§ PROBLEM TO SOLVE: The reply should be one number: how many lines of the data below contain "against".

§ EXERCISE MATERIAL:
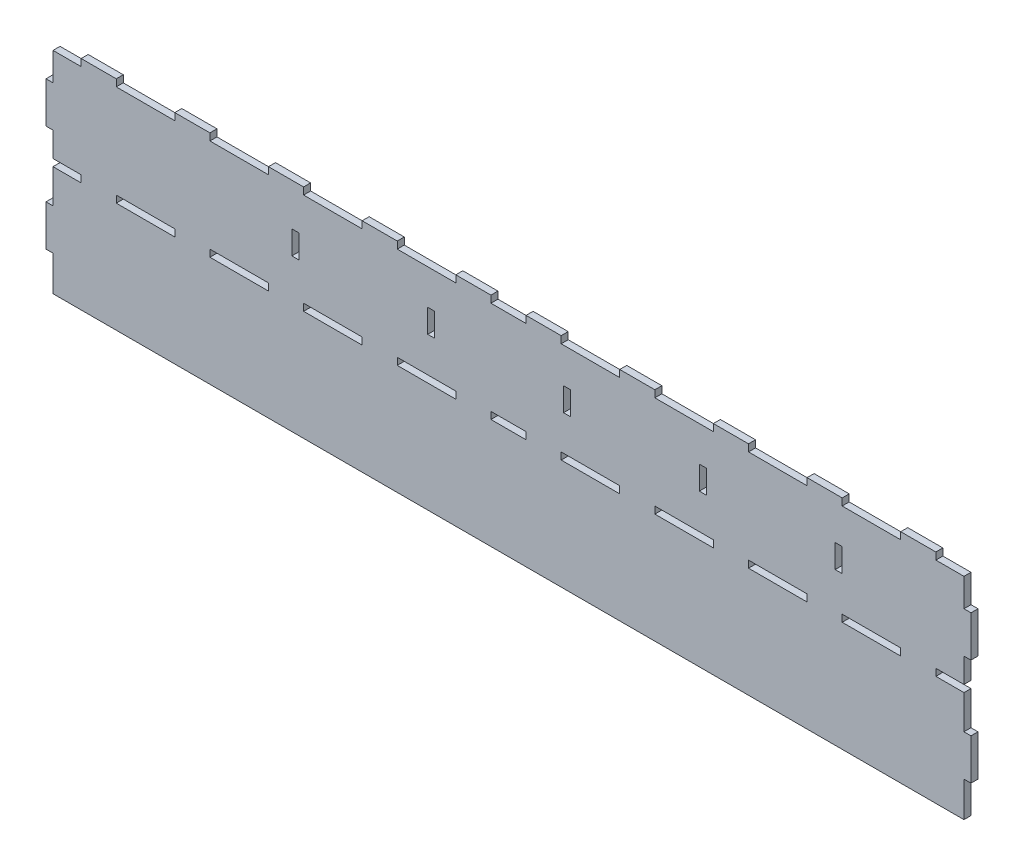
SolidWorks part; units mm, degrees
material "Acrylic (Medium-high impact)"
ref_plane "Front Plane" through (0, 0, 0) normal (0, 0, 1) x (1, 0, 0)
ref_plane "Top Plane" through (0, 0, 0) normal (0, 1, 0) x (1, 0, 0)
ref_plane "Right Plane" through (0, 0, 0) normal (1, 0, 0) x (0, 0, -1)
sketch "Sketch1" plane through (0, 0, 0) normal (0, 0, 1) x (1, 0, 0)
  line L1 (395, 90) -> (-395, 90)
  line L2 (395, 90) -> (395, -90)
  line L3 (395, -90) -> (-395, -90)
  line L4 (-395, 90) -> (-395, -90)
  line L5 (395, 90) -> (-395, -90) construction
  line L6 (395, -90) -> (-395, 90) construction
  point P0 (0, 0)
  dimension "D1" = 790
  dimension "D2" = 180
extrude "Boss-Extrude1" add sketch "Sketch1" along normal blind 6
sketch "Sketch2" plane through (0, 0, 6) normal (0, 0, 1) x (1, 0, 0)
  line L0 (0, 0) -> (0, 150.7771) construction
  line L1 (175, 10) -> (125, 10)
  line L2 (125, 10) -> (125, 4)
  line L3 (125, 4) -> (175, 4)
  line L4 (15, 10) -> (-15, 10)
  line L5 (-15, 10) -> (-15, 4)
  line L6 (-15, 4) -> (15, 4)
  line L7 (15, 4) -> (15, 10)
  line L8 (15, 10) -> (-15, 10)
  line L9 (-15, 10) -> (-15, 4)
  line L10 (-15, 4) -> (15, 4)
  line L11 (15, 4) -> (15, 10)
  line L12 (95, 10) -> (45, 10)
  line L13 (45, 10) -> (45, 4)
  line L14 (45, 4) -> (95, 4)
  line L15 (95, 4) -> (95, 10)
  line L16 (95, 10) -> (45, 10)
  line L17 (45, 10) -> (45, 4)
  line L18 (45, 4) -> (95, 4)
  line L19 (95, 4) -> (95, 10)
  line L20 (175, 4) -> (175, 10)
  line L21 (255, 10) -> (205, 10)
  line L22 (205, 10) -> (205, 4)
  line L23 (205, 4) -> (255, 4)
  line L24 (255, 4) -> (255, 10)
  line L25 (335, 10) -> (285, 10)
  line L26 (285, 10) -> (285, 4)
  line L27 (285, 4) -> (335, 4)
  line L28 (335, 4) -> (335, 10)
  line L29 (415, 10) -> (365, 10)
  line L30 (365, 10) -> (365, 4)
  line L31 (365, 4) -> (415, 4)
  line L32 (415, 4) -> (415, 10)
  line L33 (-415, 4) -> (-415, 10)
  line L34 (-365, 4) -> (-415, 4)
  line L35 (-365, 10) -> (-365, 4)
  line L36 (-415, 10) -> (-365, 10)
  line L37 (-335, 4) -> (-335, 10)
  line L38 (-285, 4) -> (-335, 4)
  line L39 (-285, 10) -> (-285, 4)
  line L40 (-335, 10) -> (-285, 10)
  line L41 (-255, 4) -> (-255, 10)
  line L42 (-205, 4) -> (-255, 4)
  line L43 (-205, 10) -> (-205, 4)
  line L44 (-255, 10) -> (-205, 10)
  line L45 (-175, 4) -> (-175, 10)
  line L46 (-95, 4) -> (-95, 10)
  line L47 (-45, 4) -> (-95, 4)
  line L48 (-45, 10) -> (-45, 4)
  line L49 (-95, 10) -> (-45, 10)
  line L50 (-125, 4) -> (-175, 4)
  line L51 (-125, 10) -> (-125, 4)
  line L52 (-175, 10) -> (-125, 10)
  dimension "D1" = 0
  dimension "D2" = 0
  dimension "D3" = 5
extrude "Cut-Extrude1" cut sketch "Sketch2" against normal blind 10
sketch "Sketch3" plane through (0, 0, 6) normal (0, 0, 1) x (1, 0, 0)
  line L0 (-69, 40) -> (-63, 40)
  line L1 (-63, 40) -> (-63, 60)
  line L2 (-63, 60) -> (-69, 60)
  line L3 (-69, 60) -> (-69, 40)
  line L4 (-185, 40) -> (-179, 40)
  line L5 (-179, 40) -> (-179, 60)
  line L6 (-179, 60) -> (-185, 60)
  line L7 (-185, 60) -> (-185, 40)
  line L8 (-185, 40) -> (-179, 40)
  line L9 (-179, 40) -> (-179, 60)
  line L10 (-179, 60) -> (-185, 60)
  line L11 (-185, 60) -> (-185, 40)
  line L12 (47, 40) -> (53, 40)
  line L13 (53, 40) -> (53, 60)
  line L14 (53, 60) -> (47, 60)
  line L15 (47, 60) -> (47, 40)
  line L16 (163, 40) -> (169, 40)
  line L17 (169, 40) -> (169, 60)
  line L18 (169, 60) -> (163, 60)
  line L19 (163, 60) -> (163, 40)
  line L20 (279, 40) -> (285, 40)
  line L21 (285, 40) -> (285, 60)
  line L22 (285, 60) -> (279, 60)
  line L23 (279, 60) -> (279, 40)
  dimension "D1" = 0
  dimension "D2" = 5
extrude "Cut-Extrude2" cut sketch "Sketch3" against normal blind 10
sketch "Sketch4" plane through (0, 0, 6) normal (0, 0, 1) x (1, 0, 0)
  line L3 (125, 96) -> (95, 96)
  line L4 (95, 96) -> (95, 90)
  line L5 (95, 90) -> (125, 90)
  line L6 (125, 90) -> (125, 96)
  line L7 (45, 96) -> (15, 96)
  line L8 (15, 96) -> (15, 90)
  line L9 (15, 90) -> (45, 90)
  line L10 (45, 90) -> (45, 96)
  line L11 (45, 96) -> (15, 96)
  line L12 (15, 96) -> (15, 90)
  line L13 (15, 90) -> (45, 90)
  line L14 (45, 90) -> (45, 96)
  line L15 (205, 96) -> (175, 96)
  line L16 (175, 96) -> (175, 90)
  line L17 (175, 90) -> (205, 90)
  line L18 (205, 90) -> (205, 96)
  line L19 (285, 96) -> (255, 96)
  line L20 (255, 96) -> (255, 90)
  line L21 (255, 90) -> (285, 90)
  line L22 (285, 90) -> (285, 96)
  line L23 (365, 96) -> (335, 96)
  line L24 (335, 96) -> (335, 90)
  line L25 (335, 90) -> (365, 90)
  line L26 (365, 90) -> (365, 96)
  line L27 (-365, 90) -> (-365, 96)
  line L28 (0, 0) -> (0, 214.9744) construction
  line L30 (-335, 90) -> (-365, 90)
  line L31 (-335, 96) -> (-335, 90)
  line L32 (-365, 96) -> (-335, 96)
  line L33 (-285, 90) -> (-285, 96)
  line L34 (-255, 90) -> (-285, 90)
  line L35 (-255, 96) -> (-255, 90)
  line L36 (-285, 96) -> (-255, 96)
  line L37 (-205, 90) -> (-205, 96)
  line L38 (-175, 90) -> (-205, 90)
  line L39 (-175, 96) -> (-175, 90)
  line L40 (-205, 96) -> (-175, 96)
  line L41 (-45, 90) -> (-45, 96)
  line L42 (-15, 90) -> (-45, 90)
  line L43 (-15, 96) -> (-15, 90)
  line L44 (-45, 96) -> (-15, 96)
  line L45 (-125, 90) -> (-125, 96)
  line L46 (-95, 90) -> (-125, 90)
  line L47 (-95, 96) -> (-95, 90)
  line L48 (-125, 96) -> (-95, 96)
  dimension "D1" = 0
extrude "Boss-Extrude2" add sketch "Sketch4" against normal blind 6
sketch "Sketch5" plane through (0, 0, 6) normal (0, 0, 1) x (1, 0, 0)
  line L0 (389, 96) -> (389, 66) construction
  line L1 (395, -90) -> (389, -90)
  line L2 (395, -90) -> (395, -60)
  line L3 (395, -60) -> (389, -60)
  line L4 (389, -90) -> (389, -60)
  line L5 (365, 96) -> (335, 96) construction
  line L6 (395, 4) -> (389, 4)
  line L7 (395, 4) -> (395, -25)
  line L8 (395, -25) -> (389, -25)
  line L9 (389, 4) -> (389, -25)
  line L10 (395, 90) -> (389, 90)
  line L11 (395, 90) -> (395, 66)
  line L12 (395, 66) -> (389, 66)
  line L13 (389, 90) -> (389, 66)
  line L14 (395, 10) -> (389, 10)
  line L15 (395, 10) -> (395, 31)
  line L16 (395, 31) -> (389, 31)
  line L17 (389, 10) -> (389, 31)
  line L18 (0, 0) -> (0, -164.0937) construction
  line L19 (-389, 10) -> (-389, 31)
  line L20 (-395, 31) -> (-389, 31)
  line L21 (-395, 10) -> (-395, 31)
  line L22 (-395, 10) -> (-389, 10)
  line L23 (-389, 90) -> (-389, 66)
  line L24 (-395, 66) -> (-389, 66)
  line L25 (-395, 90) -> (-395, 66)
  line L26 (-395, 90) -> (-389, 90)
  line L27 (-389, 4) -> (-389, -25)
  line L28 (-395, -25) -> (-389, -25)
  line L29 (-395, 4) -> (-395, -25)
  line L30 (-395, 4) -> (-389, 4)
  line L31 (-389, -90) -> (-389, -60)
  line L32 (-395, -60) -> (-389, -60)
  line L33 (-395, -90) -> (-395, -60)
  line L34 (-395, -90) -> (-389, -90)
  dimension "D1" = 30
  dimension "D2" = 30
  dimension "D3" = 35
  dimension "D4" = 35
extrude "Cut-Extrude3" cut sketch "Sketch5" against normal blind 6

§ TASK RESPONSE: 4